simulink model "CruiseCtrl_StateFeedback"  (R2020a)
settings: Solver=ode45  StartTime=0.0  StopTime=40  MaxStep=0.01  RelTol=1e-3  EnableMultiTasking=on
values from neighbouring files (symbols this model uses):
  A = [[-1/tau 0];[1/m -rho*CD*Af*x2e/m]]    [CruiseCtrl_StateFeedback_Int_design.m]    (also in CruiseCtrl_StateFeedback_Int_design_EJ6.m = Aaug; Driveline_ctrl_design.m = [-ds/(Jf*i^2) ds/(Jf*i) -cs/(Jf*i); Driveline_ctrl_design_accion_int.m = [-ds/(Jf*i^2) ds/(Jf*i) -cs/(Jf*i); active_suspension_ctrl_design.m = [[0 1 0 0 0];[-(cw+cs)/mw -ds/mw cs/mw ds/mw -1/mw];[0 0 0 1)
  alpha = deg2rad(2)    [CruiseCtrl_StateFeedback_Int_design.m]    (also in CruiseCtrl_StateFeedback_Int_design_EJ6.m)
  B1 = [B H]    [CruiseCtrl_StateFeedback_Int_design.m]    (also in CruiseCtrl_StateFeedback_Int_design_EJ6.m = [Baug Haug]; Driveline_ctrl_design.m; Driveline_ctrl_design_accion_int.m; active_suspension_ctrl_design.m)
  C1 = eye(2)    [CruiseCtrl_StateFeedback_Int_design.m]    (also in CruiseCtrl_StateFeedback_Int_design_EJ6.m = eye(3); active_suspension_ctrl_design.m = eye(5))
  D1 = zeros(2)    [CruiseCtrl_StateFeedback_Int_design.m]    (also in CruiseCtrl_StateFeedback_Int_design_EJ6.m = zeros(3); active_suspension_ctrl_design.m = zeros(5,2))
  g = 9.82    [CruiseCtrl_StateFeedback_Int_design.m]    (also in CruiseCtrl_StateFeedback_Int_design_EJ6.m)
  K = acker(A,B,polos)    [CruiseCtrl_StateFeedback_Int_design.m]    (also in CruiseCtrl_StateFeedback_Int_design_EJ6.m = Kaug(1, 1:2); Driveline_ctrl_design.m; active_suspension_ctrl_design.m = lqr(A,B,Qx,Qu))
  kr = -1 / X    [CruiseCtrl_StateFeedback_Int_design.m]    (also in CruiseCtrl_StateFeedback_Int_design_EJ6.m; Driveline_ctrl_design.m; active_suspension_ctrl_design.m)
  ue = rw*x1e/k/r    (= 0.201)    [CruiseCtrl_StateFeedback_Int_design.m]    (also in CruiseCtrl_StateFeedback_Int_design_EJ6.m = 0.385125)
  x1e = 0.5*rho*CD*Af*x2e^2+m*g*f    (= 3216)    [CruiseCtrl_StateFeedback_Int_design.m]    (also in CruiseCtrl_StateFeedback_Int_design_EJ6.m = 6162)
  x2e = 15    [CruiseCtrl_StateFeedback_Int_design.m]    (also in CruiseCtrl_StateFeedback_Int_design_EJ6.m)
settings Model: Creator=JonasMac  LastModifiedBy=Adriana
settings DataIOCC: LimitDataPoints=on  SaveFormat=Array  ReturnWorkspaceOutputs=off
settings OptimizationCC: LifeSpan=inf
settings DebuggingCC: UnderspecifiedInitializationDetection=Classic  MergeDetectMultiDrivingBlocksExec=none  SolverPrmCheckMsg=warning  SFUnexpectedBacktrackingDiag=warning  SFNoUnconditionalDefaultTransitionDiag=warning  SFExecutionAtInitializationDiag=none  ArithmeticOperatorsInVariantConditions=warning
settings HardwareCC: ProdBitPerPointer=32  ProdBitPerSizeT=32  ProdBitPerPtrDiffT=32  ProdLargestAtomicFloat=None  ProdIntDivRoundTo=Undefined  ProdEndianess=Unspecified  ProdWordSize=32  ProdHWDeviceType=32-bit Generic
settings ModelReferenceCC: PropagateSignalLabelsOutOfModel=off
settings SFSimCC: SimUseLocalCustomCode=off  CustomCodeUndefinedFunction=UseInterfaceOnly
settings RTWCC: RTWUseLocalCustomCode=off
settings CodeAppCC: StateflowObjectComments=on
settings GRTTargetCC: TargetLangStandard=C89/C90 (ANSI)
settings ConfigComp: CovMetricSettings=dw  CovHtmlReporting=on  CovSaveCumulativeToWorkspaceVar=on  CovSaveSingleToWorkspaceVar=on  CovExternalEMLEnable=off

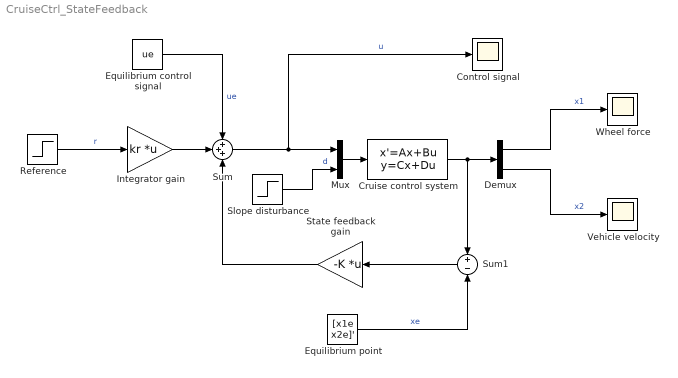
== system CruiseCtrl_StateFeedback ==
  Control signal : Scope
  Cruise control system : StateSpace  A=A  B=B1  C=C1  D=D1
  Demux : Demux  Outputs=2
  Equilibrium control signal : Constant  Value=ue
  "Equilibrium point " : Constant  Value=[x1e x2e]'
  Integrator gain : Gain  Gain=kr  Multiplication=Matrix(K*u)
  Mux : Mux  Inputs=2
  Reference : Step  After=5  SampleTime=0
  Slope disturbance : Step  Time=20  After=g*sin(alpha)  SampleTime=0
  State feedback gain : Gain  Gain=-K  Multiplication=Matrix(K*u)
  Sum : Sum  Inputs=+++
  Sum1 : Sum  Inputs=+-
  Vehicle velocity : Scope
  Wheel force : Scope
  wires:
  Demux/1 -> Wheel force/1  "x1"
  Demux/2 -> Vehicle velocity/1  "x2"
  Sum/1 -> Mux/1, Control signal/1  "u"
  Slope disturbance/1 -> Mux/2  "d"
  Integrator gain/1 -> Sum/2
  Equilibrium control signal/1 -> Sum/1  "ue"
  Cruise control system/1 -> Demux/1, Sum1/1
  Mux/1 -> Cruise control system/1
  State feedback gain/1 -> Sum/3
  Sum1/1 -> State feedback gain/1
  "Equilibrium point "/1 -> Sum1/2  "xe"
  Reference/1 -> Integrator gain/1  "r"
########
* [TASK GOAL] Scan the entries above for the line containing "settings OptimizationCC: LifeSpan=inf", and copy it and all lines after it exactly, down to and including the line containing "settings GRTTargetCC: TargetLangStandard=C89/C90".

* [SOLUTION FOR THIS PROBLEM]
settings OptimizationCC: LifeSpan=inf
settings DebuggingCC: UnderspecifiedInitializationDetection=Classic  MergeDetectMultiDrivingBlocksExec=none  SolverPrmCheckMsg=warning  SFUnexpectedBacktrackingDiag=warning  SFNoUnconditionalDefaultTransitionDiag=warning  SFExecutionAtInitializationDiag=none  ArithmeticOperatorsInVariantConditions=warning
settings HardwareCC: ProdBitPerPointer=32  ProdBitPerSizeT=32  ProdBitPerPtrDiffT=32  ProdLargestAtomicFloat=None  ProdIntDivRoundTo=Undefined  ProdEndianess=Unspecified  ProdWordSize=32  ProdHWDeviceType=32-bit Generic
settings ModelReferenceCC: PropagateSignalLabelsOutOfModel=off
settings SFSimCC: SimUseLocalCustomCode=off  CustomCodeUndefinedFunction=UseInterfaceOnly
settings RTWCC: RTWUseLocalCustomCode=off
settings CodeAppCC: StateflowObjectComments=on
settings GRTTargetCC: TargetLangStandard=C89/C90 (ANSI)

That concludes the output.